Sunset and Moonlight Hikes and Talks at Saguaro National Park

Saquaros at sunset.

Saquaros at sunset. NPS photo.

Late fall is a great time for outdoor activities at Saguaro National Park near Tucson, and if you're in that area and want to work off some Thanksgiving dinner calories, the park is offering some special sunset and moonlight hikes and programs in late November and early December.

Saguaro National Park includes two separate units on the eastern and western fringes of Tucson, Arizona, and the staff is offering a number of walks, talks and other programs this fall. Although it's a bit too warm for many folks to enjoy a late afternoon hike at Saquaro during the summer, late November usually provides great weather for enjoying a desert sunset—or an early evening walk in the moonlight.

The park is a perfect location for the evening hikes. The desert usually features dry air and clear skies, a combination which makes the moonlight more intense than you'll experience in some other climates.

Here's a summary of four upcoming programs in the park's Tucson Mountain District, located on the west side of Tucson. Note that reservations are required for several of the following hikes.

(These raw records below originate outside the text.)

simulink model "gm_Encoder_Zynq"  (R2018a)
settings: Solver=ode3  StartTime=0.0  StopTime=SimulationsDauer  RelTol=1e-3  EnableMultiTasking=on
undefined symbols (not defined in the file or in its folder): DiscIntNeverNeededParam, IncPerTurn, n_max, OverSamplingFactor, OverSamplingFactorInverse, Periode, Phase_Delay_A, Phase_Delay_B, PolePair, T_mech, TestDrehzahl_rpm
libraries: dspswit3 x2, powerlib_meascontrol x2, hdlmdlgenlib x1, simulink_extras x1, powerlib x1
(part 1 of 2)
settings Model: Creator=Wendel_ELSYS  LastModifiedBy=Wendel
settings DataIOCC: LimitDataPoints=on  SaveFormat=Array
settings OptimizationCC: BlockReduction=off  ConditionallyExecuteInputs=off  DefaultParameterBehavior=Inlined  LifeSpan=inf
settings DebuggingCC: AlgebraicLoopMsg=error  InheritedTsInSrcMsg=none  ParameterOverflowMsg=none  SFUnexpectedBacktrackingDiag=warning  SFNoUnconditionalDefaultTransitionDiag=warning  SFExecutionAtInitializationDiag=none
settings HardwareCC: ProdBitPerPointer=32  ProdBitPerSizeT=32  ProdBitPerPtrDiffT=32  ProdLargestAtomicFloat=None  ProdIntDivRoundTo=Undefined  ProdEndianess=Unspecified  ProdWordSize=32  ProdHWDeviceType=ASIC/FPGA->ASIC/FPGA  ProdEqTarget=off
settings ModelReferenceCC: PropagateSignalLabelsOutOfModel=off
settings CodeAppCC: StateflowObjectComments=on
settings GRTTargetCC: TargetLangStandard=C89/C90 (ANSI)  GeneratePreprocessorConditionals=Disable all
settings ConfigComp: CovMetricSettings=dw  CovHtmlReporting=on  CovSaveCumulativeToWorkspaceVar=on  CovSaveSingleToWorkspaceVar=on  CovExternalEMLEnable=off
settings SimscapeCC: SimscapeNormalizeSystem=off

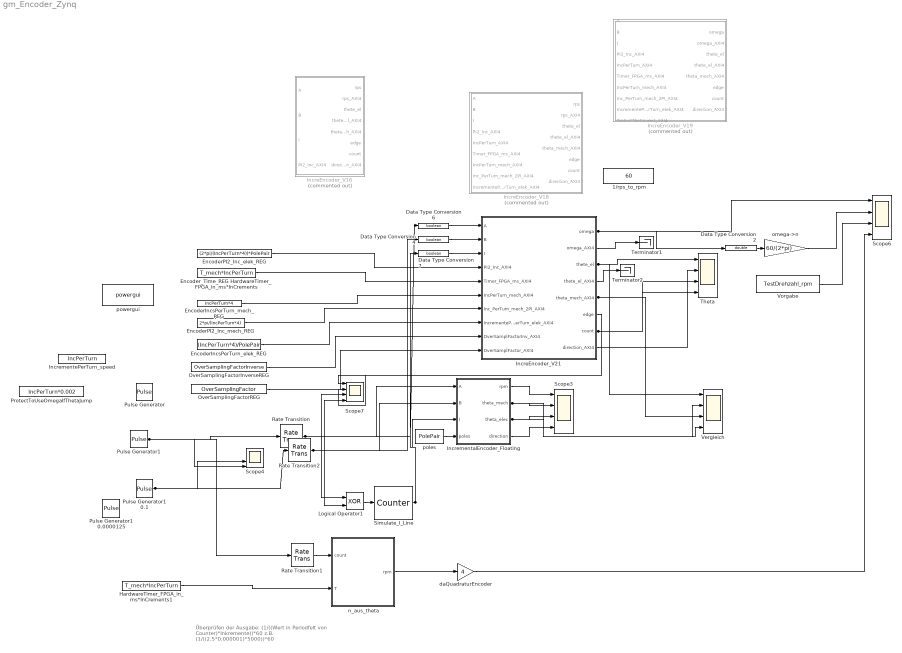
== system gm_Encoder_Zynq ==
  note: Überprüfen der Ausgabe:
      | (1/((Wert in Periodfelt von Counter)*Inkremente))*60
      | z.B. (1/((2.5*0.000001)*5000))*60
  1/rps_to_rpm : Constant  Value=60  OutDataTypeStr=double  SampleTime=T_mech
  Data Type Conversion2 : DataTypeConversion  OutDataTypeStr=double
  Data Type Conversion4 : DataTypeConversion  OutDataTypeStr=boolean
  Data Type Conversion6 : DataTypeConversion  OutDataTypeStr=boolean
  Data Type Conversion7 : DataTypeConversion  OutDataTypeStr=boolean
  "EncoderIncsPerTurn_elek_REG " : Constant  Value=(IncPerTurn*4)/PolePair  OutDataTypeStr=fixdt(0,16,0)  SampleTime=T_mech
  EncoderIncsPerTurn_mech_REG : Constant  Value=IncPerTurn*4  OutDataTypeStr=fixdt(0,16,0)  SampleTime=T_mech
  EncoderPI2_Inc_elek_REG : Constant  Value=(2*pi/(IncPerTurn*4))*PolePair  OutDataTypeStr=fixdt(0,24,24)  SampleTime=T_mech
  EncoderPI2_Inc_mech_REG : Constant  Value=2*pi/(IncPerTurn*4)  OutDataTypeStr=fixdt(0,24,24)  SampleTime=T_mech
  Encoder_Time_REG HardwareTimer_FPGA_in_ms*InCrements : Constant  Value=T_mech*IncPerTurn  OutDataTypeStr=fixdt(0,32,26)  SampleTime=T_mech
  HardwareTimer_FPGA_in_ms*InCrements1 : Constant  Value=T_mech*IncPerTurn  OutDataTypeStr=double  SampleTime=T_mech
  IncreEncoder_V16 : Subsystem  Commented=on  TreatAsAtomicUnit=on
  IncreEncoder_V18 : Subsystem  Commented=on  TreatAsAtomicUnit=on
  IncreEncoder_V19 : Subsystem  Commented=on  TreatAsAtomicUnit=on
  IncreEncoder_V21 : Subsystem  TreatAsAtomicUnit=on
  IncrementalEncoder_Floating : Subsystem
  IncrementePerTurn_speed : Constant  Value=IncPerTurn  OutDataTypeStr=fixdt(0,16,0)  SampleTime=T_mech
  Logical Operator1 : Logic  Operator=XOR  AllPortsSameDT=off  OutDataTypeStr=boolean
  OverSamplingFactorInverseREG : Constant  Value=OverSamplingFactorInverse  OutDataTypeStr=fixdt(0,16,15)  SampleTime=T_mech
  OverSamplingFactorREG : Constant  Value=OverSamplingFactor  OutDataTypeStr=fixdt(0,16,0)  SampleTime=T_mech
  ProtectToUseOmegaIfThetaJump : Constant  Value=IncPerTurn*0.002  OutDataTypeStr=uint16  SampleTime=T_mech
  Pulse Generator : DiscretePulseGenerator  PulseType=Time based  Period=0.01  PulseWidth=50  PhaseDelay=0.00000125  SampleTime=T_mech  VectorParams1D=off
  Pulse Generator1 : DiscretePulseGenerator  PulseType=Time based  Period=Periode  PulseWidth=50  PhaseDelay=Phase_Delay_A  SampleTime=T_mech  VectorParams1D=off
  Pulse Generator1 0.0000125 : DiscretePulseGenerator  PulseType=Time based  Period=0.01  PulseWidth=50  PhaseDelay=-0.00000125  SampleTime=T_mech  VectorParams1D=off
  Pulse Generator1 0.1 : DiscretePulseGenerator  PulseType=Time based  Period=Periode  PulseWidth=50  PhaseDelay=Phase_Delay_B  SampleTime=T_mech  VectorParams1D=off
  Rate Transition : RateTransition  Deterministic=off  OutPortSampleTime=T_mech
  Rate Transition1 : RateTransition  Deterministic=off  OutPortSampleTime=T_mech
  Rate Transition2 : RateTransition  Deterministic=off  OutPortSampleTime=T_mech
  Scope{3..4,6..7} (4 alike) : Scope  NumInputPorts=4
  Simulate_I_Line : dspswit3/Counter  Direction=Up  CountEvent=Either edge  CounterSize=User defined  MaxCount=IncPerTurn*4  InitialCount=0  Output=Hit  HitValue=IncPerTurn*4  ResetInput=off  SamplesPerFrame=1  Ts=1  CntDtype=double  HitDtype=Boolean
  Terminator1 : Terminator
  Terminator2 : Terminator
  Theta : Scope  NumInputPorts=4
  Vergleich : Scope  NumInputPorts=4
  Vorgabe : Constant  Value=TestDrehzahl_rpm
  "daQuadraturEncoder " : Gain  Gain=4
  n_aus_theta : Subsystem  TreatAsAtomicUnit=on
  omega->n : Gain  Gain=60/(2*pi)  OutDataTypeStr=double
  poles : Constant  Value=PolePair  OutDataTypeStr=uint8  SampleTime=-1
  powergui : powerlib/powergui  Priority=1  SimulationMode=Discrete  SampleTime=T_mech  frequency=60  Iterations=50  frequencyindice=0  Pbase=100e6  ErrMax=1e-4  UnitsV=kV  UnitsW=MW  buscounter=0  FunctionMessages=off  echomessages=off  EnableUseOfTLC=off  CurrentSourceSwitches=off  DisableSnubberDevices=off  DisableRonSwitches=off  DisableVfSwitches=off  DisplayEquations=off  SolverType=Tustin  Interpol=off  ExternalGateDelay=off  methode=off  Ts=0  x0status=blocks  SPID=off  SwTol=0  HookPort=off  RestoreLinks=warning  ResistiveCurrentMeasurement=off  Frange=[0:2:500]  Ylog=off  Xlog=on  ShowGrid=off  save=off  variable=ZData  structure=0  ZoomFFT=on  StartTime=0.0  cycles=1  DisplayStyle=1  fundamental=60  FreqAxis=off  MaxFrequency=1000  frequencyindicesteady=1  RmsSteady=1  display=off
  wires:
  OverSamplingFactorREG/1 -> IncreEncoder_V21/10(OverSamplFactor_AXI4)
  OverSamplingFactorInverseREG/1 -> IncreEncoder_V21/9(OverSamplFactorInv_AXI4)
  Vorgabe/1 -> Scope6/3
  "daQuadraturEncoder "/1 -> Scope6/4
  Pulse Generator1/1 -> Scope4/4, Rate Transition/1, Rate Transition1/1
  n_aus_theta/1(rpm) -> "daQuadraturEncoder "/1
  Rate Transition1/1 -> n_aus_theta/1(count)
  HardwareTimer_FPGA_in_ms*InCrements1/1 -> n_aus_theta/2(T)
  Data Type Conversion2/1 -> omega->n/1
  omega->n/1 -> Scope6/2
  "EncoderIncsPerTurn_elek_REG "/1 -> IncreEncoder_V21/8(IncrementePerTurn_elek_AXI4)
  EncoderPI2_Inc_mech_REG/1 -> IncreEncoder_V21/7(Inc_PerTurn_mech_2PI_AXI4)
  EncoderIncsPerTurn_mech_REG/1 -> IncreEncoder_V21/6(IncPerTurn_mech_AXI4)
  Encoder_Time_REG HardwareTimer_FPGA_in_ms*InCrements/1 -> IncreEncoder_V21/5(Timer_FPGA_ms_AXI4)
  IncreEncoder_V21/2(omega_AXI4) -> Terminator1/1
  IncreEncoder_V21/4(thete_el_AXI4) -> Terminator2/1
  IncreEncoder_V21/5(theta_mech_AXI4) -> Theta/3, Vergleich/3
  IncreEncoder_V21/3(thete_el) -> Vergleich/1, Theta/1
  EncoderPI2_Inc_elek_REG/1 -> IncreEncoder_V21/4(PI2_Inc_AXI4)
  poles/1 -> IncrementalEncoder_Floating/4(poles)
  IncrementalEncoder_Floating/4(direction) -> Scope3/4
  IncrementalEncoder_Floating/3(theta_elec) -> Scope3/3, Vergleich/2
  IncrementalEncoder_Floating/2(theta_mech) -> Scope3/2, Vergleich/4
  IncrementalEncoder_Floating/1(rpm) -> Scope3/1
  IncreEncoder_V21/7(count) -> Scope7/2, Theta/4
  IncreEncoder_V21/6(edge) -> Scope7/1
  IncreEncoder_V21/8(direction_AXI4) -> Theta/2
  IncreEncoder_V21/1(omega) -> Data Type Conversion2/1, Scope6/1
  Data Type Conversion7/1 -> IncreEncoder_V21/3(I)
  Data Type Conversion4/1 -> IncreEncoder_V21/2(B)
  Data Type Conversion6/1 -> IncreEncoder_V21/1(A)
  Rate Transition/1 -> Logical Operator1/1, IncrementalEncoder_Floating/1(A), Data Type Conversion6/1, Scope7/3
  Logical Operator1/1 -> Simulate_I_Line/1
  Simulate_I_Line/1 -> Data Type Conversion7/1, IncrementalEncoder_Floating/3(I)
  Rate Transition2/1 -> Data Type Conversion4/1, IncrementalEncoder_Floating/2(B), Scope7/4, Logical Operator1/2
  Pulse Generator1 0.1/1 -> Rate Transition2/1, Scope4/3

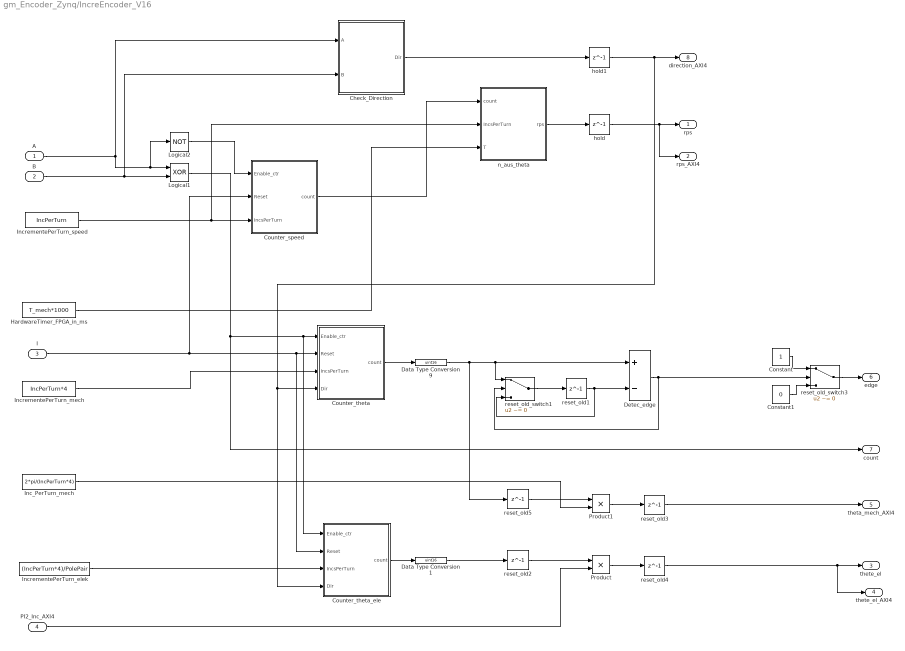
== system gm_Encoder_Zynq/IncreEncoder_V16 ==
  A : Inport
  B : Inport  Port=2
  I : Inport  Port=3
  PI2_Inc_AXI4 : Inport  Port=4
  Check_Direction : Subsystem  TreatAsAtomicUnit=on
  Constant : Constant  OutDataTypeStr=boolean  SampleTime=-1
  Constant1 : Constant  Value=0  OutDataTypeStr=boolean  SampleTime=-1
  Counter_speed : Subsystem  TreatAsAtomicUnit=on
  Counter_theta : Subsystem  TreatAsAtomicUnit=on
  Counter_theta_ele : Subsystem  TreatAsAtomicUnit=on
  Data Type Conversion1 : DataTypeConversion  OutDataTypeStr=uint16
  Data Type Conversion9 : DataTypeConversion  OutDataTypeStr=uint16
  Detec_edge : Sum  Inputs=+-  AccumDataTypeStr=uint8  OutDataTypeStr=uint8
  HardwareTimer_FPGA_in_ms : Constant  Value=T_mech*1000  OutDataTypeStr=fixdt(0,30,24)  SampleTime=T_mech
  Inc_PerTurn_mech : Constant  Value=2*pi/(IncPerTurn*4)  OutDataTypeStr=fixdt(0,24,24)  SampleTime=T_mech
  IncrementePerTurn_elek : Constant  Value=(IncPerTurn*4)/PolePair  OutDataTypeStr=fixdt(0,16,0)  SampleTime=T_mech
  IncrementePerTurn_mech : Constant  Value=IncPerTurn*4  OutDataTypeStr=fixdt(0,16,0)  SampleTime=T_mech
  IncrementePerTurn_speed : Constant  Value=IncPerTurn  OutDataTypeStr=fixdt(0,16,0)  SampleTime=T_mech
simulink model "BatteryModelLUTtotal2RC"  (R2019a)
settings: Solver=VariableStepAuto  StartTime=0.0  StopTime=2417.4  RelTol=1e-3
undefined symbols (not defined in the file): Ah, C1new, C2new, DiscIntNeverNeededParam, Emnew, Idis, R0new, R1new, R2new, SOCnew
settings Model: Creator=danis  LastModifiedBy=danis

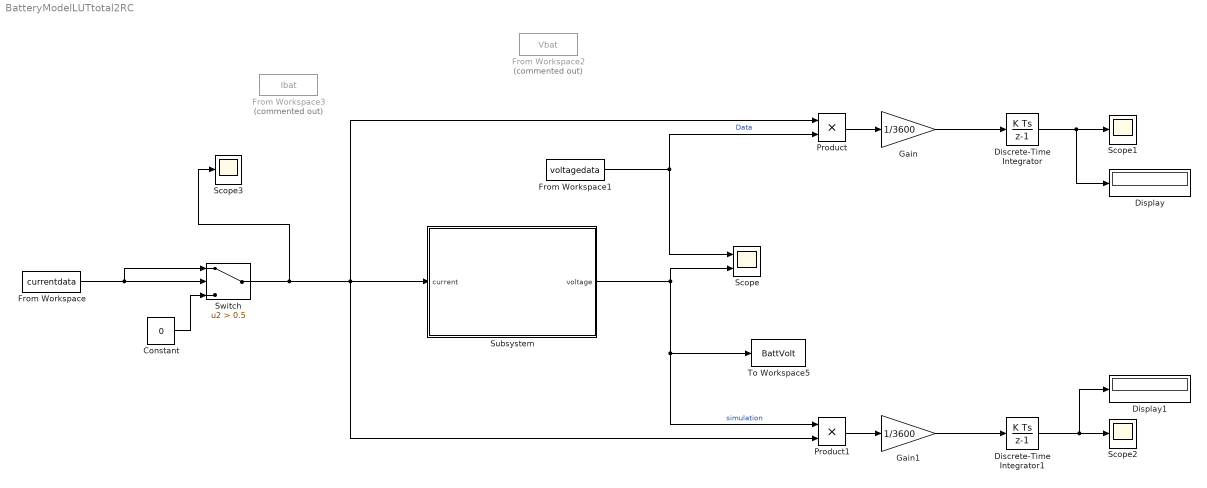
== system BatteryModelLUTtotal2RC ==
  Constant : Constant  Value=0
  Discrete-Time Integrator : DiscreteIntegrator  SampleTime=-1  ICPrevOutput=DiscIntNeverNeededParam  ICPrevScaledInput=DiscIntNeverNeededParam
  Discrete-Time Integrator1 : DiscreteIntegrator  SampleTime=-1  ICPrevOutput=DiscIntNeverNeededParam  ICPrevScaledInput=DiscIntNeverNeededParam
  Display : Display
  Display1 : Display
  From Workspace : FromWorkspace  VariableName=currentdata  SampleTime=0.001
  From Workspace1 : FromWorkspace  VariableName=voltagedata  SampleTime=0.001
  From Workspace2 : FromWorkspace  Commented=on  VariableName=Vbat  SampleTime=0.001  Interpolate=off  OutputAfterFinalValue=Cyclic repetition
  From Workspace3 : FromWorkspace  Commented=on  VariableName=Ibat  SampleTime=0.001  Interpolate=off  OutputAfterFinalValue=Cyclic repetition
  Gain : Gain  Gain=1/3600
  Gain1 : Gain  Gain=1/3600
  Product : Product
  Product1 : Product
  Scope : Scope  NumInputPorts=2
  Scope1 : Scope
  Scope2 : Scope
  Scope3 : Scope
  Subsystem : Subsystem
  Switch : Switch  Criteria=u2 > Threshold  Threshold=0.5
  To Workspace5 : ToWorkspace  VariableName=BattVolt  SampleTime=-1
  wires:
  From Workspace1/1 -> Scope/1, Product/2  "Data"
  Subsystem/1(voltage) -> Product1/1, To Workspace5/1, Scope/2  "simulation"
  Product/1 -> Gain/1
  Gain/1 -> Discrete-Time Integrator/1
  Discrete-Time Integrator/1 -> Display/1, Scope1/1
  Discrete-Time Integrator1/1 -> Display1/1, Scope2/1
  Gain1/1 -> Discrete-Time Integrator1/1
  Product1/1 -> Gain1/1
  From Workspace/1 -> Switch/1, Switch/2
  Switch/1 -> Scope3/1, Product1/2, Product/1, Subsystem/1(current)
  Constant/1 -> Switch/3

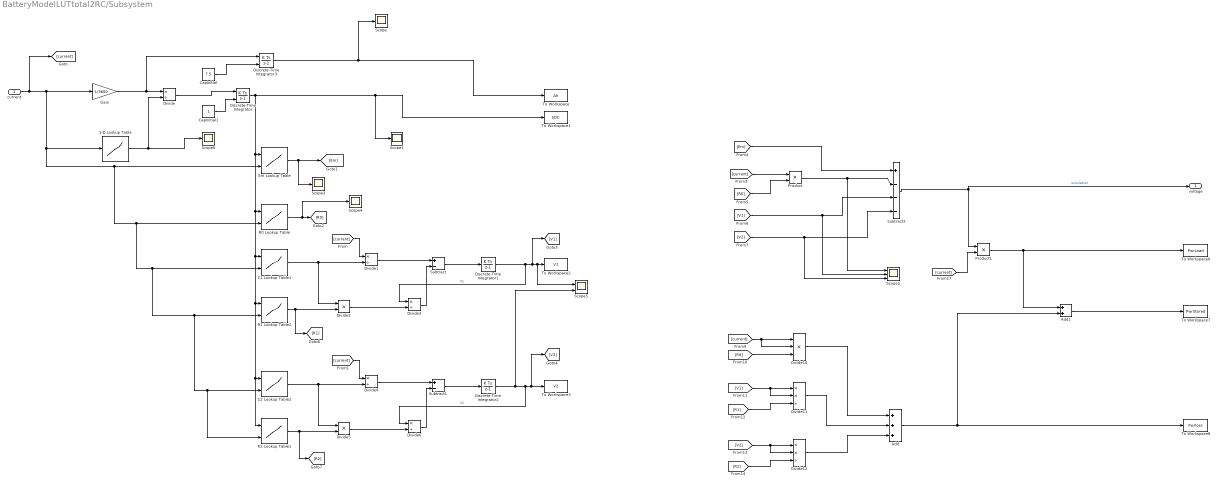
== system BatteryModelLUTtotal2RC/Subsystem ==
  current : Inport
  1-D Lookup Table : Lookup_n-D  NumberOfTableDimensions=1  BreakpointsForDimension1=Idis  Table=Ah  InternalRulePriority=Speed  RndMeth=Simplest  InputSameDT=on
  Add : Sum  Inputs=+++
  Add1 : Sum
  C1 Lookup Table1 : Lookup_n-D  BreakpointsForDimension1=SOCnew  BreakpointsForDimension2=Idis  Table=C1new  InternalRulePriority=Speed  RndMeth=Simplest  InputSameDT=on
  C2 Lookup Table2 : Lookup_n-D  BreakpointsForDimension1=SOCnew  BreakpointsForDimension2=Idis  Table=C2new  InternalRulePriority=Speed  RndMeth=Simplest  InputSameDT=on
  CapInitial : Constant  Value=7.5  SampleTime=0.001
  CapInitial1 : Constant  SampleTime=0.001
  Discrete-Time Integrator : DiscreteIntegrator  InitialConditionSource=external  SampleTime=-1  ICPrevOutput=DiscIntNeverNeededParam  ICPrevScaledInput=DiscIntNeverNeededParam
  Discrete-Time Integrator1 : DiscreteIntegrator  SampleTime=-1  ICPrevOutput=DiscIntNeverNeededParam  ICPrevScaledInput=DiscIntNeverNeededParam
  Discrete-Time Integrator2 : DiscreteIntegrator  SampleTime=-1  ICPrevOutput=DiscIntNeverNeededParam  ICPrevScaledInput=DiscIntNeverNeededParam
  Discrete-Time Integrator3 : DiscreteIntegrator  InitialConditionSource=external  SampleTime=-1  ICPrevOutput=DiscIntNeverNeededParam  ICPrevScaledInput=DiscIntNeverNeededParam
  Divide{,1,3..4,6} (5 alike) : Product  Inputs=*/
  Divide10 : Product  Inputs=***
  Divide11 : Product  Inputs=**/
  Divide12 : Product  Inputs=**/
  Divide2 : Product  Inputs=**
  Divide5 : Product  Inputs=**
  Em Lookup Table : Lookup_n-D  BreakpointsForDimension1=SOCnew  BreakpointsForDimension2=Idis  Table=Emnew  InternalRulePriority=Speed  RndMeth=Simplest  InputSameDT=on
  Gain : Gain  Gain=-1/3600
  Product : Product
  Product1 : Product
  R0 Lookup Table : Lookup_n-D  BreakpointsForDimension1=SOCnew  BreakpointsForDimension2=Idis  Table=R0new  InternalRulePriority=Speed  RndMeth=Simplest  InputSameDT=on
  R1 Lookup Table2 : Lookup_n-D  BreakpointsForDimension1=SOCnew  BreakpointsForDimension2=Idis  Table=R1new  InternalRulePriority=Speed  RndMeth=Simplest  InputSameDT=on
  R2 Lookup Table1 : Lookup_n-D  BreakpointsForDimension1=SOCnew  BreakpointsForDimension2=Idis  Table=R2new  InternalRulePriority=Speed  RndMeth=Simplest  InputSameDT=on
  Scope{,1,3..4,6} (5 alike) : Scope
  Scope2 : Scope  NumInputPorts=3
  Scope5 : Scope  NumInputPorts=2
  Subtract : Sum  Inputs=+-
  Subtract1 : Sum  Inputs=+-
  Subtract3 : Sum  Inputs=+---
  To Workspace : ToWorkspace  VariableName=Ah  SampleTime=-1
  To Workspace1 : ToWorkspace  VariableName=SOC  SampleTime=-1
  To Workspace2 : ToWorkspace  VariableName=V1  SampleTime=-1
  To Workspace3 : ToWorkspace  VariableName=V2  SampleTime=-1
  To Workspace6 : ToWorkspace  VariableName=PwrLoad  SampleTime=-1
  To Workspace7 : ToWorkspace  VariableName=PwrStored  SampleTime=-1
  To Workspace8 : ToWorkspace  VariableName=Pwrloss  SampleTime=-1
  voltage : Outport
  wires:
  Discrete-Time Integrator2/1 -> Scope5/2, Divide6/1, To Workspace3/1, [V2]  "V2"
  Divide4/1 -> Subtract1/1
  [R0] -> Product/2
  C2 Lookup Table2/1 -> Divide5/1, Divide4/2
  C1 Lookup Table1/1 -> Divide2/1, Divide1/2
  [current] -> Product1/2
  Divide3/1 -> Subtract/2
  Divide6/1 -> Subtract1/2
  [Em] -> Subtract3/1
  Divide5/1 -> Divide6/2
  Subtract/1 -> Discrete-Time Integrator1/1
  R2 Lookup Table1/1 -> [R2], Divide5/2
  Divide2/1 -> Divide3/2
  Divide1/1 -> Subtract/1
  1-D Lookup Table/1 -> Divide/2, Scope6/1
  [current] -> Divide10/2, Divide10/1
  Discrete-Time Integrator1/1 -> Divide3/1, Scope5/1, To Workspace2/1, [V1]  "V1"
  Divide10/1 -> Add/1
  [V1] -> Divide11/2, Divide11/1
  Subtract1/1 -> Discrete-Time Integrator2/1
  [current] -> Product/1
  [current] -> Divide4/1
  [V2] -> Scope2/3, Subtract3/4
  [R1] -> Divide11/3
  R1 Lookup Table2/1 -> [R1], Divide2/2
  Product/1 -> Scope2/1, Subtract3/2
  Em Lookup Table/1 -> Scope3/1, [Em]
  [V1] -> Scope2/2, Subtract3/3
  [R0] -> Divide10/3
  Divide11/1 -> Add/2
  [current] -> Divide1/1
  Divide12/1 -> Add/3
  R0 Lookup Table/1 -> Scope4/1, [R0]
  [R2] -> Divide12/3
  Subtract3/1 -> voltage/1, Product1/1  "simulation"
  Add1/1 -> To Workspace7/1
  [V2] -> Divide12/2, Divide12/1
  Add/1 -> To Workspace8/1, Add1/2
  Product1/1 -> To Workspace6/1, Add1/1
  current/1 -> [current], R2 Lookup Table1/2, C2 Lookup Table2/2, R1 Lookup Table2/2, C1 Lookup Table1/2, R0 Lookup Table/2, Em Lookup Table/2, 1-D Lookup Table/1, Gain/1
  Divide/1 -> Discrete-Time Integrator/1
  CapInitial/1 -> Discrete-Time Integrator3/2
  Discrete-Time Integrator/1 -> Em Lookup Table/1, R2 Lookup Table1/1, C2 Lookup Table2/1, R1 Lookup Table2/1, C1 Lookup Table1/1, R0 Lookup Table/1, Scope1/1, To Workspace1/1
  Gain/1 -> Discrete-Time Integrator3/1, Divide/1
  Discrete-Time Integrator3/1 -> Scope/1, To Workspace/1
  CapInitial1/1 -> Discrete-Time Integrator/2

Saturday, November 28 at 3:45 p.m. “Twilight Glow to Moon Shadows.” This hike is an easy 2½ -mile, 3½-hour stroll that affords an opportunity to experience the desert in the twilight glow and then discover the mystic moon shadows which will accompany us to the end of the hike. Advanced reservations are required, and can be made by calling 520-733-5158.

Sunday, November 29 at 3:00 p.m. "Sunset Hike." The Sunset Hike is a 3½ to 4 hour, 3½-mile round trip that climbs 700 feet to a beautiful ridgeline for the sunset. The descent of the trail is solely under the light of the moon. As space is limited, advanced reservations are required, and can be made by calling 520-733-5158.

Monday, November 30 at 3:45 p.m. “Moon Take Night Make Day” Hike. This gentle, relatively flat, 2½ mile hike travels up a desert wash during the transition from day to night. The hike takes approximately 3 hours. Enjoy the sunset and stroll in the moonlit desert. As space is limited, advanced reservations are required, and can be made by calling 520-733-5158.

Wednesday, December 2 at 5:00 p.m. “Moonrise Over the Mountains” Patio Talk. This campfire talk on the patio of the Red Hills Visitor Center provides a relaxing view of the full moon as it rises above the cactus forest. The program is approximately 45 minutes long. Bring a lawn chair and warm clothing. No reservations are required for this program - everyone is welcome. This program is wheelchair accessible. The visitor center is located in the park's Tucson Mountain District at 2700 North Kinney Road.

Additional programs are available in both units of the park during the remainder of the month. You'll find a complete schedule here.

Saguaro National Park is composed of two distinct districts: The Rincon Mountain District and the Tucson Mountain District. The Tucson Mountain District lies on the west side of Tucson, Arizona, while the Rincon Mountain District lies on the east side of Tucson. The park website includes driving directions to both units of the park, along with other information to help you plan a visit.

Both districts of the park were established to protect forests of their namesake plant: the Saguaro Cactus.

Enormous cacti, silhouetted by the setting sun, for most of us the Giant Saguaro is the universal symbol of the American West. And yet, these majestic plants are only found in a small portion of the United States. Saguaro National Park protects some of the most impressive forests of these sub-tropical giants, on the edge of the modern City of Tucson.

If you're not familiar with these fascinating plants, here's a tip to help you sound like a local when you visit the park: The name of this cactus is pronounced "Sa -WAH – ro." Even if you're just passing through southern Arizona on I-10, plan a short detour to at least sample this park. It's well worth a visit.

Comments

1: I highly recommend these hikes. Up in the Chisos in Big Bend can be even more spectacular, with a moonlit view of a huge expanse of desert.

2: Since establishment, there have been at least 2 major pushes to decommission Saguaro National Monument because it appeared that the saguaros were dying out (for 2 different assumed reasons). We now have a much better understand of the population dynamics and demography of saguaros and how the numbers increase after recruitment pulses and decrease after freezes where they don't thaw for 2 nights & 1 day; some things just take 100 years of data.

Thanks tomp -

Not sure what calendar I was looking at when I added the day of the week to the park's list of dates for the programs, but it must have been for a different planet. I've made the correction for Dec. 2.